*Study material*

○ ○ ○ ○ ○ ○ ○

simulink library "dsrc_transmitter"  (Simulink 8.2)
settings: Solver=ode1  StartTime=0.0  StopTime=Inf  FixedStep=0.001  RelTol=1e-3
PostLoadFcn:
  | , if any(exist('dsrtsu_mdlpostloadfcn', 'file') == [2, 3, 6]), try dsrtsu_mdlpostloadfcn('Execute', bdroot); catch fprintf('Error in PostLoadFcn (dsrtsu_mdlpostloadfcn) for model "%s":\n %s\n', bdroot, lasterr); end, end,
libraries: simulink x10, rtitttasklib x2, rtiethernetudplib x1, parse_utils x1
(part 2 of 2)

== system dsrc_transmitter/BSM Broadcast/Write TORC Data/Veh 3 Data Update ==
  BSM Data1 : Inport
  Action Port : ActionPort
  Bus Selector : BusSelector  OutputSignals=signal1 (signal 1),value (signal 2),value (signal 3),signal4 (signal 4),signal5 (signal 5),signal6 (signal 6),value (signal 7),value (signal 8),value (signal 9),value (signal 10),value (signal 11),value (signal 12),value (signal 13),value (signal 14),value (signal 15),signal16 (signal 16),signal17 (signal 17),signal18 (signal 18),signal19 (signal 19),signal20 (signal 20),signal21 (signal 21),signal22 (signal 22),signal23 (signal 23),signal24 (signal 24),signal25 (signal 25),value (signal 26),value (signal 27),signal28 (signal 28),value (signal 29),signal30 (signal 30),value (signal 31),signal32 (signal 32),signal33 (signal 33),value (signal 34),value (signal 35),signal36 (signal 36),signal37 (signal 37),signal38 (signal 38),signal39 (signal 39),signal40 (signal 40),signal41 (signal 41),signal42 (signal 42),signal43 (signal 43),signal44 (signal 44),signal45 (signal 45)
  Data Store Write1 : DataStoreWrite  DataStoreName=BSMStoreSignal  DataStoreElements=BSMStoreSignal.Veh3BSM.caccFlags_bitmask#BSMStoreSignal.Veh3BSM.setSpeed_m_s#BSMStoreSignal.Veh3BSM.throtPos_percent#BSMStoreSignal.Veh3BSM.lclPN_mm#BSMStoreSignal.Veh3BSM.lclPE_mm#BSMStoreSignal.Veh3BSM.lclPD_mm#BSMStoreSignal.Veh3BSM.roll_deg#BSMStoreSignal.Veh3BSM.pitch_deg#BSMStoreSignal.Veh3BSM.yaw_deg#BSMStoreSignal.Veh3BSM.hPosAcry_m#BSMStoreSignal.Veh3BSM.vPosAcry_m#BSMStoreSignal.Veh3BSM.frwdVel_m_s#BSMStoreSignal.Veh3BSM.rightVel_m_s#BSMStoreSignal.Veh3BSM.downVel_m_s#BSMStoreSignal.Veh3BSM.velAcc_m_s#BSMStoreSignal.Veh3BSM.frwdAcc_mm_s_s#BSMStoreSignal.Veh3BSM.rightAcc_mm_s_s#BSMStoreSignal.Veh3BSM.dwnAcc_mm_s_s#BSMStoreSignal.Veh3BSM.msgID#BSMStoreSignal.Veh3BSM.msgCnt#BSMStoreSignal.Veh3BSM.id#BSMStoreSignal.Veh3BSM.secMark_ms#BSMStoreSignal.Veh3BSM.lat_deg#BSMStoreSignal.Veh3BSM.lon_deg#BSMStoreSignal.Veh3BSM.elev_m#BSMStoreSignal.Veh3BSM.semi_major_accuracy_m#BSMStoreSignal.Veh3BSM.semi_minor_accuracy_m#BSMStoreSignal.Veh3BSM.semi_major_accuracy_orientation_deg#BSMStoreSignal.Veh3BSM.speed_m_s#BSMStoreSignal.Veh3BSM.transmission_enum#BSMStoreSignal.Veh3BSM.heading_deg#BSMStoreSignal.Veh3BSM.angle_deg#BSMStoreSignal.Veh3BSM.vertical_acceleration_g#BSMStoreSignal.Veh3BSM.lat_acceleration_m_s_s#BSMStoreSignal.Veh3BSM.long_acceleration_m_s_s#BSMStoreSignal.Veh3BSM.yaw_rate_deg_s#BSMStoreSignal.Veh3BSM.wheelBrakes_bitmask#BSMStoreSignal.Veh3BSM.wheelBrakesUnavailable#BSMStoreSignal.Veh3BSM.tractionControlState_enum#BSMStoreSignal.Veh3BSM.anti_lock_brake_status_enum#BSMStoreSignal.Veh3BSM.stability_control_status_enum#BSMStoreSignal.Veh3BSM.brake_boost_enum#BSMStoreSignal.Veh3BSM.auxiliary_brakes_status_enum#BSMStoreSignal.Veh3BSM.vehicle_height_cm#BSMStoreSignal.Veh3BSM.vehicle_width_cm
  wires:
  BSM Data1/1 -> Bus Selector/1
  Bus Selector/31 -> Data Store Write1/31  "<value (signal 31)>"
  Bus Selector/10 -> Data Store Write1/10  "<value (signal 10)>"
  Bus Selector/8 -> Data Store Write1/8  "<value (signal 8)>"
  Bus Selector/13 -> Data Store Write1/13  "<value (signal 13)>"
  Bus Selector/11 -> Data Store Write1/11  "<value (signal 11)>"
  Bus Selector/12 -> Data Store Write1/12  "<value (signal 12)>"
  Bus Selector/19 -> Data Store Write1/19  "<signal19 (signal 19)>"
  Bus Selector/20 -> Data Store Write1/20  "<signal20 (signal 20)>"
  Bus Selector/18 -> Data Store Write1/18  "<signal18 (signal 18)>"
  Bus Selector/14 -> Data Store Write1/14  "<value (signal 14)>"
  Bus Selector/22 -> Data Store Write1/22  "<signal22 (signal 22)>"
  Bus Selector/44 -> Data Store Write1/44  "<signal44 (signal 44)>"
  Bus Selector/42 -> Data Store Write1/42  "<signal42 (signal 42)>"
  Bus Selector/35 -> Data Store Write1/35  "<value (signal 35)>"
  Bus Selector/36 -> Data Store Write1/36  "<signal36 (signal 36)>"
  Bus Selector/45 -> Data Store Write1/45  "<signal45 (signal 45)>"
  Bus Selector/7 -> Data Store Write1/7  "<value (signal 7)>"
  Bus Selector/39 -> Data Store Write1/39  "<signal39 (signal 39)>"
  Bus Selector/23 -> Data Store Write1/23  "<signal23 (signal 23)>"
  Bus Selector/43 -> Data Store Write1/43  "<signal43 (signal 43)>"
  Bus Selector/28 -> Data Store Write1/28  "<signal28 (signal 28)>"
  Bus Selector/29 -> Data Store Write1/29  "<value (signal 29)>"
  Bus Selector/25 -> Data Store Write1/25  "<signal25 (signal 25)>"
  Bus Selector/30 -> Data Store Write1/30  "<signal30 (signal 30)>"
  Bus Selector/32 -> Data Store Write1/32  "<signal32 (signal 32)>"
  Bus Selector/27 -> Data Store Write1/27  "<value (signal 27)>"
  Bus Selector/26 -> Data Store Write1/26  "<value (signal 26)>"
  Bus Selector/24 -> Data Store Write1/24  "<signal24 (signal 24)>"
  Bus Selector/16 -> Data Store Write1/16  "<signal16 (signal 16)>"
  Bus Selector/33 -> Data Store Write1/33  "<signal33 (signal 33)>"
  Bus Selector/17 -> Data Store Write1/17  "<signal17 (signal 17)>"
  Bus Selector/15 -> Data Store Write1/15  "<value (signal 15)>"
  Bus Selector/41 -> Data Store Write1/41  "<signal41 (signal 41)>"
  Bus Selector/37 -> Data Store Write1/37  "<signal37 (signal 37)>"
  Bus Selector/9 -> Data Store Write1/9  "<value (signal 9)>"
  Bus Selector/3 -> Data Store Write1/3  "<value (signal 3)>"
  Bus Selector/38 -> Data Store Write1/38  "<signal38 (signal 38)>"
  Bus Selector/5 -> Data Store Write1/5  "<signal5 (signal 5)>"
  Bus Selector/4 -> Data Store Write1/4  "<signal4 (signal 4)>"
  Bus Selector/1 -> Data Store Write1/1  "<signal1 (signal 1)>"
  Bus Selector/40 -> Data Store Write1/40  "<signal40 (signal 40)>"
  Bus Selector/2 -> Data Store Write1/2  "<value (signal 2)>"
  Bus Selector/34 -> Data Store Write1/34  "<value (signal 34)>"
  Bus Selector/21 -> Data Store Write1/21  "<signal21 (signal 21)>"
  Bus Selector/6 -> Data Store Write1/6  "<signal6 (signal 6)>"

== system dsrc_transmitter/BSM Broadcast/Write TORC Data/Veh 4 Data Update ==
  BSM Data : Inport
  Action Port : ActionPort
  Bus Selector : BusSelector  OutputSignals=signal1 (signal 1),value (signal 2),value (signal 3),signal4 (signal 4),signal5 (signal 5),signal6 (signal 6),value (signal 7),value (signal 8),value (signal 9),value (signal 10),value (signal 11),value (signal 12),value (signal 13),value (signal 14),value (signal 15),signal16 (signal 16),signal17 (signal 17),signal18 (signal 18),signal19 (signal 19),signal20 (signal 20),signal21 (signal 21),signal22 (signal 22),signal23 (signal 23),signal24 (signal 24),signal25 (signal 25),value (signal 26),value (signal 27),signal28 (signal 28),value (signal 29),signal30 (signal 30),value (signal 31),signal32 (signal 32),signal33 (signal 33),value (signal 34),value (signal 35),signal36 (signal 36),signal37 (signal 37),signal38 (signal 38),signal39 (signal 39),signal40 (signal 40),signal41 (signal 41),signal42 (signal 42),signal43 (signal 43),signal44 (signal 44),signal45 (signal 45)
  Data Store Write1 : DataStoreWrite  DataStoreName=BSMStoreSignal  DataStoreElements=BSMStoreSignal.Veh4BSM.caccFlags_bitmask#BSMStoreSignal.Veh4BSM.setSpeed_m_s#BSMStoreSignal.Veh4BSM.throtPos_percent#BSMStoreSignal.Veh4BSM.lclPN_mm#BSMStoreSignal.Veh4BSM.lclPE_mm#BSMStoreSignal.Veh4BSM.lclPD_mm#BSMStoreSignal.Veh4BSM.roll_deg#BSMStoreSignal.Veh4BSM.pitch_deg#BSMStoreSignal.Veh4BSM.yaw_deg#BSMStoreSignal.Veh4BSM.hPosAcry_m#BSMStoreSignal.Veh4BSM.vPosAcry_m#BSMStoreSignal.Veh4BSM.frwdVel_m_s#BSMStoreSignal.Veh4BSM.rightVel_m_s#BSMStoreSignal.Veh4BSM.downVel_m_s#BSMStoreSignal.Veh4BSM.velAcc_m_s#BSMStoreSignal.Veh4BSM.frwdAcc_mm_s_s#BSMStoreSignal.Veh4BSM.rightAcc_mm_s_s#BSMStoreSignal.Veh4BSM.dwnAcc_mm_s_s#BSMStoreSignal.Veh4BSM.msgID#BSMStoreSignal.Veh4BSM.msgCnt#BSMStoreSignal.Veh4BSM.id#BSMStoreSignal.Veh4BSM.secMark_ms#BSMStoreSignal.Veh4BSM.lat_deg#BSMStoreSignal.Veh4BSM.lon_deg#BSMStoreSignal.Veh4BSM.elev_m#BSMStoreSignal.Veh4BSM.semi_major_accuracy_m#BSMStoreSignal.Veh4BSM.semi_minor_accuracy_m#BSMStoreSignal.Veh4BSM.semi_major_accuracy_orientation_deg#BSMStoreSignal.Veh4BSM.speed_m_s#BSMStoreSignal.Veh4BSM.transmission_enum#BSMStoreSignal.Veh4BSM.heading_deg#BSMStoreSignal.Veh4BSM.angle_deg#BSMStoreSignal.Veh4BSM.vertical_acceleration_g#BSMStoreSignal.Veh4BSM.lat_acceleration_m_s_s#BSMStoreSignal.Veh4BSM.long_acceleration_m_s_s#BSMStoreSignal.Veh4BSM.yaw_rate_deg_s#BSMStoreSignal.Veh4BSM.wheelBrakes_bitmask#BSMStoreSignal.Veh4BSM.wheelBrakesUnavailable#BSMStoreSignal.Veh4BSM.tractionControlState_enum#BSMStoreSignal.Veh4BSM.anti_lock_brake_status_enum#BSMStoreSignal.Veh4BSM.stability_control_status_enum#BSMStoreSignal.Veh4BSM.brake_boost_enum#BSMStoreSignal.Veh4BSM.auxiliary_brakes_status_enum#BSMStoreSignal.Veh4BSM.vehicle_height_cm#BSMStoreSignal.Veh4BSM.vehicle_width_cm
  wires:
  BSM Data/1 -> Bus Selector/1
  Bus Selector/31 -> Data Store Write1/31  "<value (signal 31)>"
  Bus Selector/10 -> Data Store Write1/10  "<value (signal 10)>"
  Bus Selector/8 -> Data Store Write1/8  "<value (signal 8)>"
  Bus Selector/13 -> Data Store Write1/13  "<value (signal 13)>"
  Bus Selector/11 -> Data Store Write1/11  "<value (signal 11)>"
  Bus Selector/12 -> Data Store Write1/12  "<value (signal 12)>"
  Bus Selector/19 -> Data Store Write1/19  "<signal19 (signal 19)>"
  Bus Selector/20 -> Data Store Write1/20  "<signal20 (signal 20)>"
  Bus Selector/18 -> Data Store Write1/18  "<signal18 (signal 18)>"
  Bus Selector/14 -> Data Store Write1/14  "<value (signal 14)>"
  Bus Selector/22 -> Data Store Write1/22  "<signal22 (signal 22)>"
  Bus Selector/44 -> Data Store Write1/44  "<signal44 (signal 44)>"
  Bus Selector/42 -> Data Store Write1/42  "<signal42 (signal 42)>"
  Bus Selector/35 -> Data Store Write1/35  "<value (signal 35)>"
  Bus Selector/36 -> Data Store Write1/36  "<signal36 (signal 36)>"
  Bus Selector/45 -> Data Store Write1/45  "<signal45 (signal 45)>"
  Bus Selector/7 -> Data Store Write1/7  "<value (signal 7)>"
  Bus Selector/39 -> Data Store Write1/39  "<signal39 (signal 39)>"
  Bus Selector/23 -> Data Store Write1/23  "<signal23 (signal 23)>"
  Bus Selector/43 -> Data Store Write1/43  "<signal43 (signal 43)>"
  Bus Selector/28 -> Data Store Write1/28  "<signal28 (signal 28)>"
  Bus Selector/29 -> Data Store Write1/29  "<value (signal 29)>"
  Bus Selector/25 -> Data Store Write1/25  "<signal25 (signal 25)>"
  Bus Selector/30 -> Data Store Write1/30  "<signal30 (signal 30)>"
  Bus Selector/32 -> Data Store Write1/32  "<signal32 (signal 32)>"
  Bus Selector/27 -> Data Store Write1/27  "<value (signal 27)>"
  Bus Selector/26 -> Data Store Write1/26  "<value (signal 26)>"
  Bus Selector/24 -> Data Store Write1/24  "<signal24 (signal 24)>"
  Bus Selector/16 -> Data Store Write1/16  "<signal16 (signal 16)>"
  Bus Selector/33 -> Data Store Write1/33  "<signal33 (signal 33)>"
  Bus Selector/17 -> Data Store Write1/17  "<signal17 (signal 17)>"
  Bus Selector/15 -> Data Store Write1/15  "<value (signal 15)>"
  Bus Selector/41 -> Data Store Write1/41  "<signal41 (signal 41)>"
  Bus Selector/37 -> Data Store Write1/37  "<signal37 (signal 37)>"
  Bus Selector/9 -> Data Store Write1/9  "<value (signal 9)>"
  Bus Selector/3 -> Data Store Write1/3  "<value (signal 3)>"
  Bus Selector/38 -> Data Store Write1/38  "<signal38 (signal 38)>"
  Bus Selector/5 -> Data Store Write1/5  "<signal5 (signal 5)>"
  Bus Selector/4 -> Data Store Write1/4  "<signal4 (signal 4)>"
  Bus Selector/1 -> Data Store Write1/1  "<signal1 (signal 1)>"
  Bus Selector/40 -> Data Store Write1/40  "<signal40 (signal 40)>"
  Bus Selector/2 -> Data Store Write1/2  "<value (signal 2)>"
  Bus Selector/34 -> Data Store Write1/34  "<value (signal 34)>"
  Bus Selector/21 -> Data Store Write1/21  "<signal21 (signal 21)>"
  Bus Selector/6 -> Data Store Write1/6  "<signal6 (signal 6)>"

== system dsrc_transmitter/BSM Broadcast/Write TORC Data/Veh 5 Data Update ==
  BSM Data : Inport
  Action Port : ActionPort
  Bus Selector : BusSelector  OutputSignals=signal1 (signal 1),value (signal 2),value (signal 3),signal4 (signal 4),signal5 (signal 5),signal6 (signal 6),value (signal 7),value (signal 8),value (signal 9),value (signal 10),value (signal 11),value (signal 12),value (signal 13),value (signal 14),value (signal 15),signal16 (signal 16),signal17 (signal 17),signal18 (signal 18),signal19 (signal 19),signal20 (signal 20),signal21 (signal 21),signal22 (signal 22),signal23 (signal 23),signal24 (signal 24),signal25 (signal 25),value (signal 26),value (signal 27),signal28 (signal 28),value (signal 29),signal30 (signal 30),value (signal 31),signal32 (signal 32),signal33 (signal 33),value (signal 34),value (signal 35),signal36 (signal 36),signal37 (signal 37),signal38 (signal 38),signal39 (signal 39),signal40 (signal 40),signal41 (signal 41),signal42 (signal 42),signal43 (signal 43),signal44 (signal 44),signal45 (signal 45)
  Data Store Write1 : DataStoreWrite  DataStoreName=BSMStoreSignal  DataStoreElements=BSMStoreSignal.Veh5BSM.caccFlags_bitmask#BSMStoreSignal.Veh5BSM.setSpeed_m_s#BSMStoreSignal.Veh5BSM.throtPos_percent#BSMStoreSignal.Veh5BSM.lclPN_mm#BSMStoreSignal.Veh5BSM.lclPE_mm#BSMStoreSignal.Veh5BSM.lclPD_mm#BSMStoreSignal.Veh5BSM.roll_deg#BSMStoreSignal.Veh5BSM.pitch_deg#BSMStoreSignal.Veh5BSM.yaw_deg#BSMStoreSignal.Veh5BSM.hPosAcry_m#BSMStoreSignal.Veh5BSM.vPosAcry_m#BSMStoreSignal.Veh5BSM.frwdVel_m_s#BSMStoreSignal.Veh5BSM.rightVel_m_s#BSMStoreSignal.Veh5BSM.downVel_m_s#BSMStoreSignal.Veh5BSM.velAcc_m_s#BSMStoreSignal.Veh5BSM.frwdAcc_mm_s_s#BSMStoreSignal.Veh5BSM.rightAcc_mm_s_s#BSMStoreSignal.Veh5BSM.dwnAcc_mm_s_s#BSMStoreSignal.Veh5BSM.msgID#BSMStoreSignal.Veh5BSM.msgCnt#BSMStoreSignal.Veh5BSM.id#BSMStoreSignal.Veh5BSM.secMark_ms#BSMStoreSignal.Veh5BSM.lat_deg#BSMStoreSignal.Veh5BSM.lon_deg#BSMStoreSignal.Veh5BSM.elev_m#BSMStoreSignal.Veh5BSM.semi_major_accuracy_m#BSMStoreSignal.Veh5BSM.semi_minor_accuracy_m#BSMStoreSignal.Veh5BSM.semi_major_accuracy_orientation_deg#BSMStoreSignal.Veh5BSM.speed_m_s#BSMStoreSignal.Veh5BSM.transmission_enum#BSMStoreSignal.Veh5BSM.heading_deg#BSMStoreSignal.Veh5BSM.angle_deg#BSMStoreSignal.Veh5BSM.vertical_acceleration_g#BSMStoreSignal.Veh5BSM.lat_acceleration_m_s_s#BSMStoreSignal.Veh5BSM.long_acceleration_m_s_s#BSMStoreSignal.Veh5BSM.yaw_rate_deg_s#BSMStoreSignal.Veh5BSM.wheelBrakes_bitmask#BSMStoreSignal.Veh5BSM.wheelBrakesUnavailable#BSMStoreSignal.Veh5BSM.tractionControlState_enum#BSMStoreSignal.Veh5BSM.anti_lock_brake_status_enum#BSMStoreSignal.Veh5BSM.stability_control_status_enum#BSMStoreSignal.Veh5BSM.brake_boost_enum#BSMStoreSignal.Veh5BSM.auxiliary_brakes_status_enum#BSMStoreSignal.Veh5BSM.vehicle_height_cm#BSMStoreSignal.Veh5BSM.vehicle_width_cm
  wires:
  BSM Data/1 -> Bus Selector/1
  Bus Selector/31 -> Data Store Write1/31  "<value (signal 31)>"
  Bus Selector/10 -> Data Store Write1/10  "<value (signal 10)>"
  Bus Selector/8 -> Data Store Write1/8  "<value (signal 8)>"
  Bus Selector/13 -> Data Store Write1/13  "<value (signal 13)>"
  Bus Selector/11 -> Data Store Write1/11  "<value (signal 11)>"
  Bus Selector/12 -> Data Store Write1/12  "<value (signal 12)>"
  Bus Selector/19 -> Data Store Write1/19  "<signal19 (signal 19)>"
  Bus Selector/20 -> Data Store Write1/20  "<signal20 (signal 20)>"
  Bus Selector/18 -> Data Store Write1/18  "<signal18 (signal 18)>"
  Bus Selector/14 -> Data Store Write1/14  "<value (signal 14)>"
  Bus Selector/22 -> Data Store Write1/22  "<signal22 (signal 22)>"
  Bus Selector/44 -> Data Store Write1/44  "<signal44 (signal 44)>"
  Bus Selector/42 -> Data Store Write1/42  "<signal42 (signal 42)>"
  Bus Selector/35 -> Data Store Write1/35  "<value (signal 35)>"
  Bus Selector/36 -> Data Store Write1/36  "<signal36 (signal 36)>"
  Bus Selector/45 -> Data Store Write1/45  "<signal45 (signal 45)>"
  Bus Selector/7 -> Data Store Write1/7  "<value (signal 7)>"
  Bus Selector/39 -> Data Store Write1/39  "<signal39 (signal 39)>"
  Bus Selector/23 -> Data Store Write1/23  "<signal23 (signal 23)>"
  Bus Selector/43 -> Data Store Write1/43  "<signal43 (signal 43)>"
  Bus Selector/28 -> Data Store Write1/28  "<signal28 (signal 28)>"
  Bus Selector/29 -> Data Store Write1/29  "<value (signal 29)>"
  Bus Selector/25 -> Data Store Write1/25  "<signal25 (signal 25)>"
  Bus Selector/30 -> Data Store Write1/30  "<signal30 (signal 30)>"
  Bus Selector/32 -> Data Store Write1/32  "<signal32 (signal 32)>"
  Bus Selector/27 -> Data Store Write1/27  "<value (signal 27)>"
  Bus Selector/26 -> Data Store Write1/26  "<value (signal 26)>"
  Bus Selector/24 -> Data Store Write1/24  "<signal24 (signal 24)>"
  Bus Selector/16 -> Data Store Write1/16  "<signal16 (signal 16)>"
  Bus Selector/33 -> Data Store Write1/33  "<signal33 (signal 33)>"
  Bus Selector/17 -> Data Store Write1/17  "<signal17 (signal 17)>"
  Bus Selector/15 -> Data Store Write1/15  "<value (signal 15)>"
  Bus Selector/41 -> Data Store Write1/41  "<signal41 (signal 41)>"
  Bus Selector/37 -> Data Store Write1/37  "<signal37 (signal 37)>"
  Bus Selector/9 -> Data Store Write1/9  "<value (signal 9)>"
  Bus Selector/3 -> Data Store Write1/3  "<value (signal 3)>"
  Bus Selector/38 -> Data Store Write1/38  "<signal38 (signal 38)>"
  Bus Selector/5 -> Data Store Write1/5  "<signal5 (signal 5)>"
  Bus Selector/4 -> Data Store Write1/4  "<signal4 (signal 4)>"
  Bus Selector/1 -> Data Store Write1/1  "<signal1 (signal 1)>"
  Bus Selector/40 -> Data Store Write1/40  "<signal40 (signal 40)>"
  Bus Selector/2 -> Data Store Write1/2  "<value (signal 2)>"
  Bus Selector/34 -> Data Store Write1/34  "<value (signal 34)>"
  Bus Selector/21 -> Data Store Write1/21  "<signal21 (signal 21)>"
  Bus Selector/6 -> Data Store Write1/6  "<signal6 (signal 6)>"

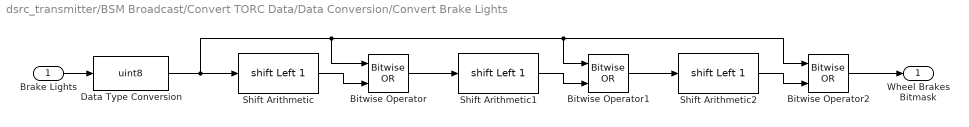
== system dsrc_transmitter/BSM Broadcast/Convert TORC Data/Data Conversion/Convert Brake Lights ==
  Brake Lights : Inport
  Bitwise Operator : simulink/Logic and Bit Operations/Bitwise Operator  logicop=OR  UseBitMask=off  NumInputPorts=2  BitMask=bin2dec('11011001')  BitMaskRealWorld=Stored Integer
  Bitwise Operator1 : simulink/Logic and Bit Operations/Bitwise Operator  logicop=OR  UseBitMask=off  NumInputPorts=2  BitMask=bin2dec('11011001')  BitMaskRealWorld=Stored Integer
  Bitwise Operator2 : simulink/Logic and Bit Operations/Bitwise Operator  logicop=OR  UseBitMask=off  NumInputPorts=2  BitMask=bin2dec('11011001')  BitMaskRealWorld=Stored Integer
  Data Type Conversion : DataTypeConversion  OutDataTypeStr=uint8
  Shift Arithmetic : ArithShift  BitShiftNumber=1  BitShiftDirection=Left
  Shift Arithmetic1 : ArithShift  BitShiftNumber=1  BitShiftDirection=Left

○ ○ ○ ○ ○ ○ ○

*Problem to solve*
Pick out, from the lines above, every one that contains the string "ArithShift".

*Finished exercise*
  Shift Arithmetic : ArithShift  BitShiftNumber=1  BitShiftDirection=Left
  Shift Arithmetic1 : ArithShift  BitShiftNumber=1  BitShiftDirection=Left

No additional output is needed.